Nota: 8.5 (em cartaz nos cinemas)

“Corpo e Alma”, de Ildikó Enyedi (2017)
Endre é o diretor financeiro de uma empresa na região periférica da capital Budapeste. Ele sofreu um AVC, que paralisou um lado de seu tronco, principalmente seu braço esquerdo. O coração não foi afetado, mas já havia parado de bater por amor muito tempo antes. De uma janela, Endre observa o cotidiano da empresa e, certo dia, percebe uma nova funcionária que acabou de ser admitida: ela se chama Mária, e esta recostada em uma pilastra, preocupada que uma pontinha de seus pés está sob a luz do sol, um sutil sinal de TOC que pode, muitas vezes, passar por distração adolescente, e é percebido delicadamente por Endre, que passa a prestar mais atenção nela, e toma coragem para dividir uma mesa com Mária no almoço. Esse é apenas o primeiro “encontro” de Endre e Mária, que acontecerá no refeitório de um gélido e desromantizado matadouro, a empresa que ambos trabalham, mas é o primeiro encontro no plano real, pois os dois estão vivendo um romance… nos sonhos. Vencedor do Urso de Ouro de Melhor Filme e do Prêmio da Crítica no Festival de Berlim, e indicado ao Oscar, o húngaro “Testről és lélekről” (no original), da cineasta Ildikó Enyedi, é um daqueles belos filmes de atuação, e tanto Géza Morcsányi (Endre) quanto Alexandra Borbély (Mária, tão dedicadamente contida quanto Agata Trzebuchowska em “Ida”) cumprem a função com louvor, respeitando os limites de seus personagens exageradamente limitados para expor a alma de dois corpos que haviam sido fechados para o amor – um deles nem havia sido aberto –, mas que foram fisgados por algum milagre romântico. Conduzido com sutileza, “Corpo e Alma” é uma excêntrica surpresa que esbarra em Jung e pisca o olho (esquerdo) para Afrodite (e Hera) enquanto canta uma “antiga canção” de Laura Marling num dos grandes filmes de 2017.

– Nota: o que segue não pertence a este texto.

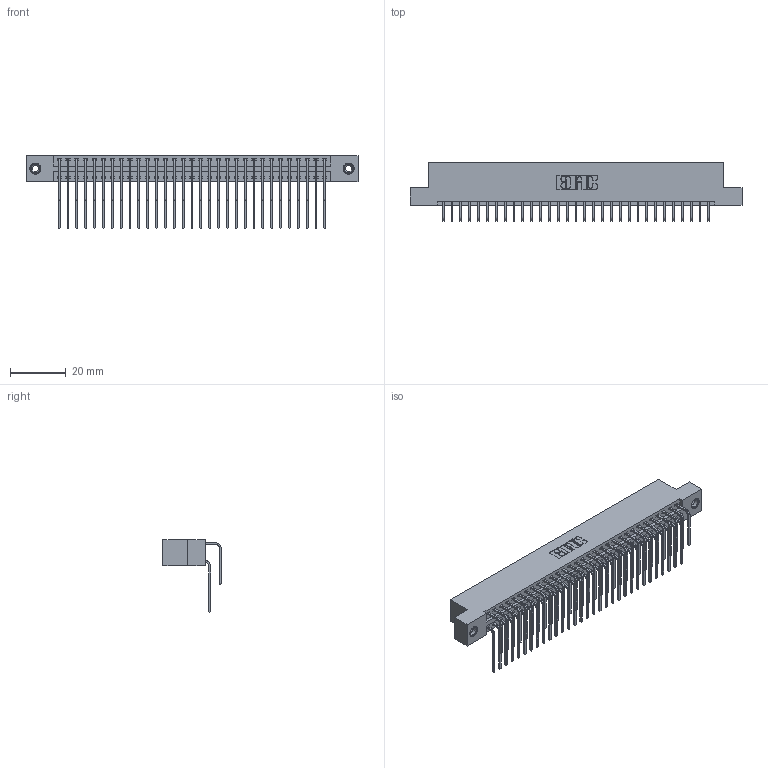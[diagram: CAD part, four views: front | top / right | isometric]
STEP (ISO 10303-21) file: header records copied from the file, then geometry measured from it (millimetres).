
FILE_DESCRIPTION (( 'STEP AP203' ), '1' );
FILE_NAME ('346-062-559-208.STEP', '2022-05-24T14:27:17', ( '' ), ( '' ), 'SwSTEP 2.0', 'SolidWorks 2020', '' );
FILE_SCHEMA (( 'CONFIG_CONTROL_DESIGN' ));
Length unit declared in the file: inch
Products named in the file (5): 345-292-001_558 559 Tail - 1; 345-250-001_345-250-003-102; 345-292-001_559 Tail - 2; 346-062-559-208; 346 Part_Flush Mounting Lugs - 0.156 Dia-TI
Assembly tree (65 placements, depth 2):
  346-062-559-208
    346 Part_Flush Mounting Lugs - 0.156 Dia-TI
    345-292-001_558 559 Tail - 1  x31
    345-292-001_559 Tail - 2  x31
    345-250-001_345-250-003-102  x2
Bounding box: 119 x 20.89 x 26.16 mm (x, y, z)
Volume: 11869.6 mm3; surface area: 17878.5 mm2
Topology: 65 solids, 65 shells, 3530 faces, 10447 edges, 6874 vertices
Faces by surface type: plane 2402, cylinder 1112, cone 12, torus 4
Entity records: 24682 total; most frequent: CARTESIAN_POINT 4118, ORIENTED_EDGE 3994, DIRECTION 3679, EDGE_CURVE 1997, LINE 1681, VECTOR 1681, VERTEX_POINT 1324, AXIS2_PLACEMENT_3D 999

Nota: 9 (em cartaz nos cinemas)

“The Square – A Arte da Discórdia”, de Ruben Östlund (2017)
Christian é o dito cidadão respeitável (que ganha alguns milhares de coroas suecas por mês): ele é o curador de um museu de arte moderna em Estocolmo, pai de duas filhas e permanente apoiador de boas causas. Mas será que bastam boas intenções para se praticar bons atos? Vencedor da Palma de Ouro em Cannes e também indicado ao Oscar, “The Square”, de Ruben Östlund, se lambuza de ironia para satirizar tanto a mitificação da arte quanto a falsa boa vontade dos mais ricos, sempre dispostos a atos quase heroicos de dignidade que muitas vezes podem ser desmascarados por um simples gesto do acaso, como a defesa da farinata, ou um assalto. Desta forma, assim que Christian tem seu celular e carteira roubados no meio de uma praça da capital sueca (num daqueles golpes datados em grandes capitais como Rio e São Paulo), ele rastreia o aparelho e o descobre na periferia de Estocolmo, um local onde vivem pessoas “diferenciadas”. Christian decide então deixar uma carta ameaçadora em todos os apartamentos do tal prédio reclamando o celular roubado, um gesto infantil e irresponsável que dá início simultaneamente a uma derrocada pessoal, passional (na sua relação com Anne, interpretada por Elisabeth Moss) e profissional: após aprovar descuidadamente uma peça publicitária para o museu (que irá viralizar nas redes sociais, para seu infortúnio), Christian sofrerá por ser olhar enviesado. Quase como um Toni Erdmann com viés social, “The Square” não é nada sutil em sua tentativa de desconstruir uma sociedade construída equivocadamente, e tanto a cena metalinguística do “gorila” no jantar beneficente quanto a versão de Bobby McFerrin e Yo-Yo Ma para “Ave Maria”, que pontua toda a trama, são momentos de genialidade artística num filme que pode, sim, ser acusado de ser vítima de sua própria crítica, mas ao menos o faz sarcasticamente. Bastam boas intenções para se praticar bons atos?